Today in class we talked about problem solving. we learned about different types of strategies: make a drawling, guess and check, make a table, use a model, and working the problem backwards. All these are ways that could help you to solve a problem, however not all these will work for everyone. I have learned that not all these strategies will work for me, and they might not work for every problem. Our instructor gave us this problem to try. This is how it read:
- How many different amounts can you pay using 4 coins of dimes, nickels, and quarters?
When I started out I was just writing out the possible combinations of the money; for example: 4 quarters, 4 dimes, and 4 nickels. However this is not what they wanted; they wanted to know the amount of money you could make with the coins. When I was informed of this I went back to look at what I had written for answers, then started to figure out the money value. When doing so I realized that many of the amounts repeated.

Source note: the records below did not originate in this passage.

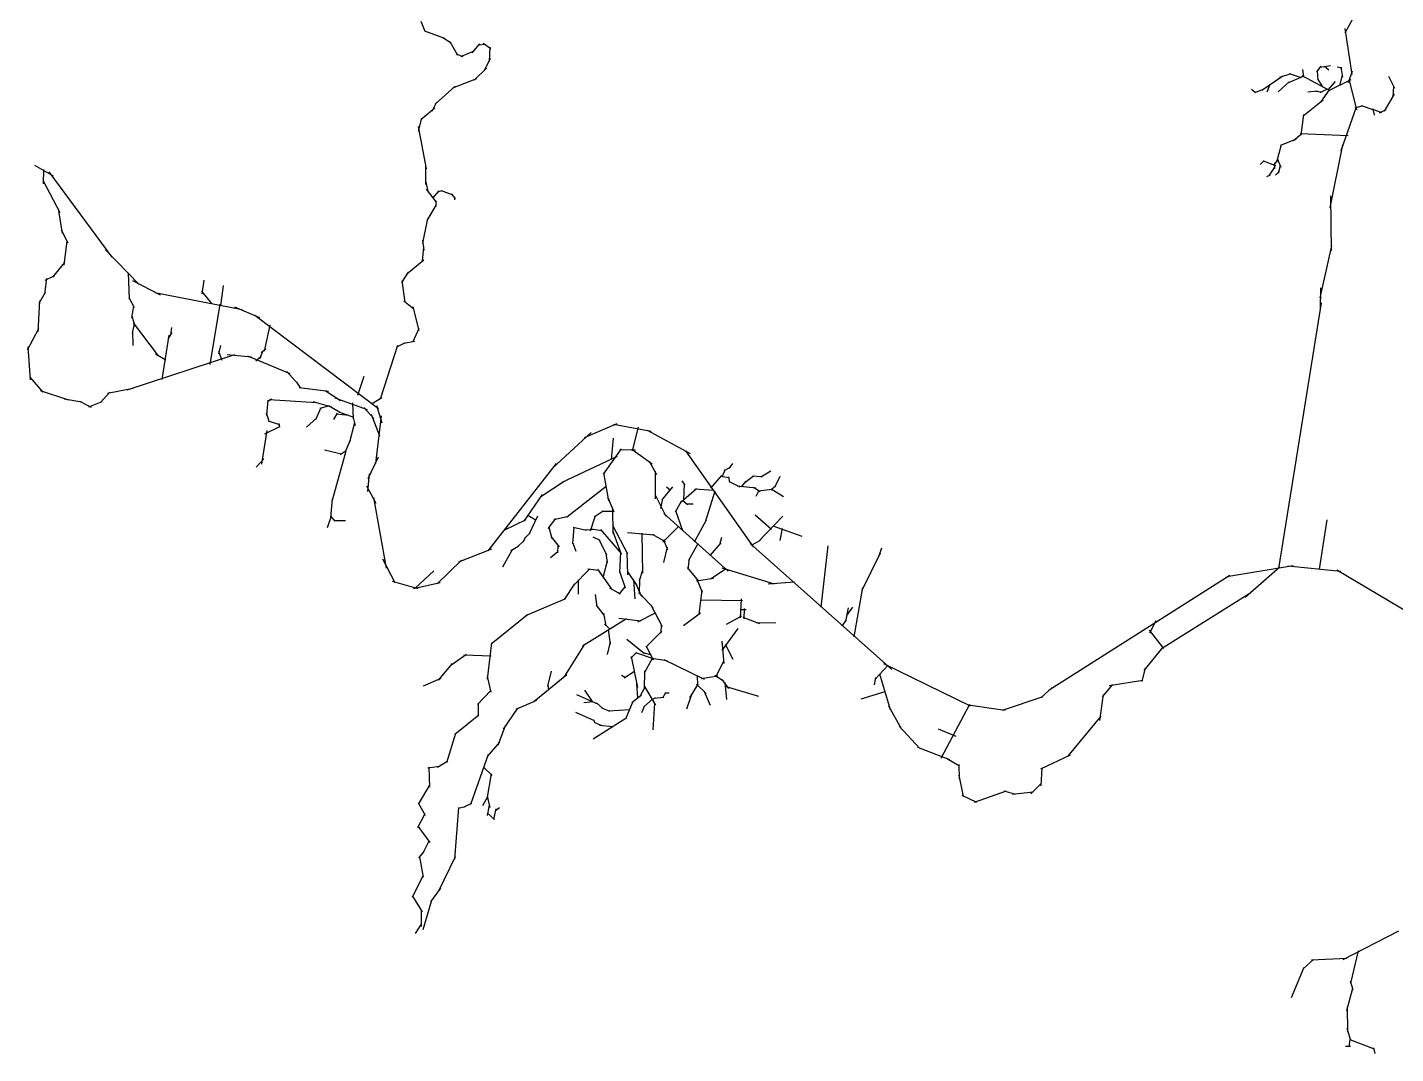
# Model space of a CAD drawing. Header units: inches. Extents: x 723427 to 759408, y 6910722 to 6968430.
# Drawn here: x 723427 to 727626, y 6945042 to 6948192 of the extents above; entities that cross this region are included whole.
import ezdxf

# ---------------------------------------------------------------- set-up
doc = ezdxf.new("R2010")
doc.units = ezdxf.units.IN
doc.header["$MEASUREMENT"] = 0

msp = doc.modelspace()

# ---------------------------------------------------------------- linework, layer by layer
for points in [[(724633.8, 6948210.8), (724646.6, 6948180.2)], [(727470.9, 6948174.9), (727501.6, 6948232)], [(724645.4, 6948181.2), (724706.6, 6948158.6)], [(724701.8, 6948161), (724727, 6948144.8)], [(727470.4, 6948189.1), (727492.1, 6948047.6)], [(724723.3, 6948148.9), (724747.2, 6948106.8)], [(724757.5, 6948102.6), (724797.6, 6948119.8)], [(724791.7, 6948114.3), (724815.5, 6948142)], [(724812.4, 6948138.9), (724832, 6948140.9)], [(724825.2, 6948143.6), (724848.8, 6948127)], [(724845.5, 6948087.8), (724847.3, 6948131.2)], [(724742.3, 6948110.7), (724763.5, 6948103.2)], [(724830.1, 6948060.2), (724848.1, 6948097.7)], [(727393.7, 6948070.1), (727426, 6948075.1)], [(724732.6, 6948006.4), (724806, 6948034.9)], [(724798.1, 6948029.6), (724835.6, 6948067.3)], [(727215.1, 6947999.7), (727279.9, 6948043.4)], [(727271, 6948038.8), (727306.1, 6948051)], [(727295.3, 6948021.7), (727343.7, 6948042.8)], [(727300, 6948050.5), (727336.6, 6948037.8)], [(727338.7, 6948044.9), (727424.1, 6947998.1)], [(727340.4, 6948063.3), (727343.8, 6948041.1)], [(727384.7, 6948055.3), (727397.4, 6948072.7)], [(727385.2, 6948058.7), (727387.6, 6948030.1)], [(727386.3, 6948033.8), (727401.9, 6948009.2)], [(727407.7, 6948073.5), (727421.2, 6948061.6)], [(727447.2, 6948070.6), (727460.9, 6948068)], [(727455.4, 6948014), (727463.6, 6948045.2)], [(727458.5, 6948069.6), (727463, 6948039.1)], [(727481.8, 6948022.7), (727494.3, 6948059)], [(727604.6, 6948042.6), (727623.1, 6948005)], [(724677.9, 6947956.4), (724740.1, 6948011.3)], [(727183.4, 6948002.6), (727196.3, 6947992.3)], [(727193.9, 6947992.6), (727220.9, 6948002.1)], [(727231.5, 6947994.4), (727241.4, 6948017.5)], [(727265.4, 6947994.1), (727299.8, 6948024.8)], [(727356.7, 6947994.1), (727385.8, 6947997.1)], [(727380, 6947996.8), (727400.6, 6947994.1)], [(727394.8, 6947992), (727417, 6948003.4)], [(727397.1, 6947962.7), (727423.6, 6948000)], [(727419.6, 6948000.2), (727441.6, 6948025.6)], [(727421.5, 6947998.1), (727490, 6948031.7)], [(727483.7, 6948030.4), (727506.2, 6947939.1)], [(727618.9, 6947979.3), (727620.7, 6948011.9)], [(724668.7, 6947934.8), (724683.9, 6947963.2)], [(727342.9, 6947920.2), (727403.7, 6947969.4)], [(727459.6, 6947814.1), (727506.1, 6947948.7)], [(727502.5, 6947944.7), (727526.3, 6947952.3)], [(727520.4, 6947952.1), (727559.3, 6947939.4)], [(727592.4, 6947934.6), (727622.3, 6947987)], [(724626.8, 6947873.9), (724637.4, 6947913.6)], [(724634.5, 6947909.2), (724677.5, 6947944.7)], [(727336.3, 6947861.7), (727344.7, 6947924.6)], [(727553.2, 6947941.6), (727582.6, 6947930.4)], [(727556.4, 6947941.8), (727560.1, 6947922.4)], [(727576.5, 6947929.9), (727597.7, 6947940.4)], [(724626.5, 6947887.6), (724650.2, 6947757.6)], [(727313.2, 6947844.9), (727338.6, 6947866.7)], [(727332.8, 6947866.4), (727480.2, 6947859.8)], [(727261.6, 6947779.4), (727275.6, 6947832.6)], [(727273.7, 6947830.7), (727321.6, 6947849.5)], [(727425.2, 6947638.6), (727464.1, 6947831.3)], [(727210, 6947770.7), (727222.4, 6947783.9)], [(727219.8, 6947782.8), (727257.6, 6947768.3)], [(727251.5, 6947768), (727263.4, 6947783.6)], [(727262.6, 6947789.5), (727273.7, 6947763.3)], [(723448.5, 6947768.9), (723505.4, 6947736.7)], [(723475.8, 6947711.6), (723477.2, 6947755.7)], [(723492.2, 6947749.1), (723685.5, 6947486.8)], [(724649.4, 6947709.9), (724649.8, 6947769.6)], [(727231.4, 6947733.9), (727241.7, 6947739.7)], [(727239.3, 6947738.1), (727256, 6947763)], [(727255, 6947757.7), (727255.7, 6947776.5)], [(727257.1, 6947738.4), (727269, 6947749.5)], [(727266.9, 6947744.2), (727272.7, 6947768.3)], [(723474.1, 6947723.1), (723525.8, 6947623.7)], [(724648.7, 6947721.2), (724656.7, 6947685.3)], [(724650.9, 6947695.1), (724681.3, 6947655.7)], [(724670.7, 6947667.4), (724690.2, 6947690.8)], [(724680, 6947659.8), (724680.6, 6947642.2)], [(724686.6, 6947687.7), (724699.8, 6947691.8)], [(724696.4, 6947691.6), (724732.6, 6947678.1)], [(724727.7, 6947680.7), (724740.1, 6947667.1)], [(724738.4, 6947663), (724739.3, 6947670.2)], [(727426, 6947675.4), (727428.4, 6947506.3)], [(723521.3, 6947635.1), (723533.8, 6947558.9)], [(724654, 6947598.8), (724682.1, 6947647.2)], [(723530.3, 6947570.6), (723550.7, 6947530.6)], [(724640.2, 6947530.1), (724656.2, 6947605.2)], [(723539.1, 6947462.1), (723548.9, 6947537.2)], [(724639.8, 6947539.3), (724644, 6947508.7)], [(723666.1, 6947508.8), (723768.4, 6947403.4)], [(724639.9, 6947474), (724643.2, 6947517.3)], [(727394.2, 6947362.4), (727430.2, 6947521.7)], [(723504.9, 6947425), (723542, 6947470.6)], [(724591.4, 6947435.4), (724643.3, 6947478.9)], [(723480.1, 6947372.9), (723486.4, 6947421.3)], [(723481.7, 6947416.6), (723511.3, 6947430.3)], [(723736.2, 6947438.3), (723739.3, 6947358)], [(723749.4, 6947415.3), (723834.5, 6947371.2)], [(723963, 6947374.6), (723969.3, 6947416.1)], [(724575.9, 6947408.6), (724596.6, 6947440.5)], [(724576.3, 6947414.1), (724584.7, 6947349.1)], [(723463.1, 6947345.4), (723481.9, 6947379.3)], [(723738, 6947363.3), (723754.7, 6947332.4)], [(723818.2, 6947378.3), (724085.9, 6947325.8)], [(723961.4, 6947382.2), (723991.5, 6947344.1)], [(724020.6, 6947337), (724029.1, 6947400)], [(727395.5, 6947323.8), (727396.9, 6947392.8)], [(723460.2, 6947257.3), (723465.3, 6947352.5)], [(723747.2, 6947300.2), (723753, 6947337.7)], [(723987.3, 6947157.7), (724018.1, 6947342.9)], [(724062.1, 6947334.2), (724139.3, 6947301.1)], [(724582.4, 6947353), (724612.8, 6947328.3)], [(724609.9, 6947333.8), (724628.4, 6947262)], [(727267.5, 6946530.6), (727399, 6947346.8)], [(723747.7, 6947306.4), (723756, 6947275.1)], [(723748.9, 6947253.7), (723755.3, 6947282.2)], [(723751.7, 6947285.4), (723827.9, 6947183.4)], [(724124.3, 6947309.1), (724504.4, 6947022.5)], [(724154.9, 6947197.8), (724172, 6947278.5)], [(723426.6, 6947202.5), (723462.3, 6947267.6)], [(723748.9, 6947260.8), (723749.9, 6947215.6)], [(723840.4, 6947111), (723861.6, 6947247.2)], [(723859.8, 6947237.1), (723870.9, 6947255.2)], [(723867.3, 6947247.2), (723870.4, 6947271)], [(724611.1, 6947227.9), (724629.2, 6947268.6)], [(723428.5, 6947211), (723435.4, 6947109.7)], [(724013.7, 6947198.3), (724023.3, 6947170.2)], [(724014.6, 6947190.3), (724020.8, 6947215.9)], [(724140.7, 6947175.8), (724149.1, 6947199.2)], [(724144.7, 6947193.9), (724158.8, 6947205.3)], [(724510.4, 6947051.6), (724563.4, 6947216.6)], [(724560.3, 6947211.9), (724587.6, 6947224.3)], [(724581.8, 6947222.8), (724615.9, 6947228.8)], [(723732.5, 6947079.9), (724063.4, 6947187.8)], [(723819.5, 6947190), (723851.7, 6947171.9)], [(724039.8, 6947187.7), (724114.3, 6947181.1)], [(724102.8, 6947183.7), (724232.5, 6947129.5)], [(724128, 6947168.3), (724144.7, 6947182.8)], [(723433.8, 6947117.9), (723473.7, 6947072.1)], [(724222.6, 6947135.4), (724257.4, 6947097)], [(724441.3, 6947063.5), (724460.3, 6947121.7)], [(723466.3, 6947077.4), (723552.6, 6947048.8)], [(723651.5, 6947040.3), (723680.1, 6947072.6)], [(723673, 6947068.8), (723751.8, 6947084.4)], [(724252.6, 6947103.2), (724265.4, 6947084.7)], [(724261, 6947086.9), (724350.9, 6947075)], [(724340.3, 6947077.6), (724388, 6947046.3)], [(723539.9, 6947051.7), (723594.1, 6947042.5)], [(723586.7, 6947044.3), (723622.7, 6947026.6)], [(723615.5, 6947027.6), (723656.3, 6947043.3)], [(724161.3, 6947000.9), (724165.7, 6947048.1)], [(724164, 6947043.2), (724176.7, 6947051.6)], [(724168.8, 6947050.3), (724315.6, 6947041)], [(724302.9, 6947043.2), (724359.7, 6947027.8)], [(724311.7, 6946988.1), (724328, 6947025.6)], [(724325.4, 6947022.9), (724354.9, 6947030.9)], [(724353.1, 6947030), (724388, 6947009.7)], [(724369.9, 6947055.1), (724469.5, 6947019.4)], [(724425, 6947039.2), (724426.8, 6946989)], [(724459.8, 6947025.1), (724489.8, 6946991.2)], [(724482.4, 6947036.9), (724514.9, 6947056)], [(724498.5, 6947031.4), (724514.1, 6946978.4)], [(724160, 6947008.8), (724169.2, 6946981)], [(724165.3, 6946984.6), (724201, 6946973.5)], [(724283, 6946964.7), (724314.3, 6946992.5)], [(724367.2, 6946988.1), (724378.3, 6947007.9)], [(724374.3, 6947005.7), (724413.1, 6947001.8)], [(724382.7, 6947011.9), (724428.1, 6946995.1)], [(724425.4, 6946998.4), (724432.6, 6946969.6)], [(724481.5, 6947004.4), (724507.9, 6946938.3)], [(724495.7, 6946852.9), (724513.4, 6946999.6)], [(724146.3, 6946851.8), (724162.5, 6946955)], [(724155.4, 6946944.7), (724201.4, 6946967.4)], [(724198.4, 6946975.7), (724200.1, 6946964.7)], [(724416.7, 6946919.6), (724431.5, 6946978.8)], [(725038.3, 6946838.8), (725157.2, 6946948.5)], [(725136.8, 6946933), (725237.3, 6946975.7)], [(725226, 6946973.6), (725341, 6946952.4)], [(725284.3, 6946892.6), (725302.3, 6946965.3)], [(725329.4, 6946955.6), (725461, 6946883.6)], [(724403.2, 6946890.2), (724418.8, 6946926.2)], [(725219.4, 6946866), (725225.7, 6946931.3)], [(724128.7, 6946841.7), (724152.5, 6946867.3)], [(724338.6, 6946895.3), (724390.6, 6946882.6)], [(724362.4, 6946737.6), (724403.8, 6946888.1)], [(724387.2, 6946880.8), (724405.1, 6946893)], [(724402.9, 6946881), (724403.8, 6946893.4)], [(724472.4, 6946807), (724504.2, 6946874)], [(725067.9, 6946795.6), (725237.5, 6946876.2)], [(725195.2, 6946820.5), (725250.1, 6946898.3)], [(725245.1, 6946896.3), (725293.5, 6946895.1)], [(725282.3, 6946897), (725343.9, 6946851.9)], [(725334.7, 6946860.3), (725357.7, 6946819.1)], [(725446.5, 6946892.4), (725653.9, 6946597.9)], [(724471.7, 6946767.5), (724476.7, 6946821.8)], [(724840.7, 6946584.8), (725051.1, 6946853.1)], [(725195.2, 6946824.9), (725210.4, 6946739)], [(725354.3, 6946745), (725355, 6946830)], [(725524.5, 6946778.1), (725558, 6946817)], [(725554.2, 6946814.8), (725580.4, 6946810.8)], [(725559.7, 6946812.9), (725569.4, 6946836.3)], [(725565.2, 6946832.1), (725584.4, 6946842.4)], [(725581.1, 6946837.8), (725591.7, 6946853.7)], [(725628.9, 6946795), (725655.2, 6946815.8)], [(725652.3, 6946815.8), (725681.6, 6946813.1)], [(725677.4, 6946812.2), (725708.3, 6946831.2)], [(725721.3, 6946780.9), (725737.2, 6946814.7)], [(724467.5, 6946784.4), (724495.7, 6946731.5)], [(725002.2, 6946752.2), (725074, 6946799.5)], [(725081.2, 6946688.3), (725203.3, 6946784)], [(725375.4, 6946741.9), (725408.2, 6946781.6)], [(725388.8, 6946782), (725400.1, 6946771)], [(725432.3, 6946734.6), (725480.3, 6946776.7)], [(725435.8, 6946800.6), (725444.2, 6946786.9)], [(725441.7, 6946739.5), (725443.1, 6946791.3)], [(725475, 6946775.6), (725532.4, 6946771.4)], [(725578.5, 6946812.7), (725581.5, 6946795.1)], [(725580.3, 6946798.1), (725613.4, 6946781.7)], [(725605, 6946784.5), (725662.5, 6946778.7)], [(725618.8, 6946782), (725632.9, 6946799)], [(725655.6, 6946780.7), (725675.5, 6946767.9)], [(725669.5, 6946769.9), (725712.9, 6946774.8)], [(725709, 6946772.6), (725724, 6946785.8)], [(725709.2, 6946775.2), (725747.3, 6946752.5)], [(724358.3, 6946687), (724363.4, 6946744.8)], [(724489.4, 6946749.1), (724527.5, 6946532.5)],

Our instructor showed us the way she had figured the problem out. She told us to think about in the most and the least amount of money that you can make and then fill in rest. This was a much more piratical approach to solving this problem. So with the least amount of money being $0.20 and the most being $1.00, you can take all the possibilities between the two and figure out what amounts work and which one do not.
(*- all possibilities)
So in conclusion to the problem there are 14 different amounts.
After having done the problem on our own and then having help doing it seemed less confusing. which brings me to the article Observing demos hurts learning, and confusion is a sign of understanding by Eric Mazur. The article talks about confusion being a sign of understanding. Through out my own struggles in math I believe this to be true. When I struggle with something I want to become better at it and therefor understand it.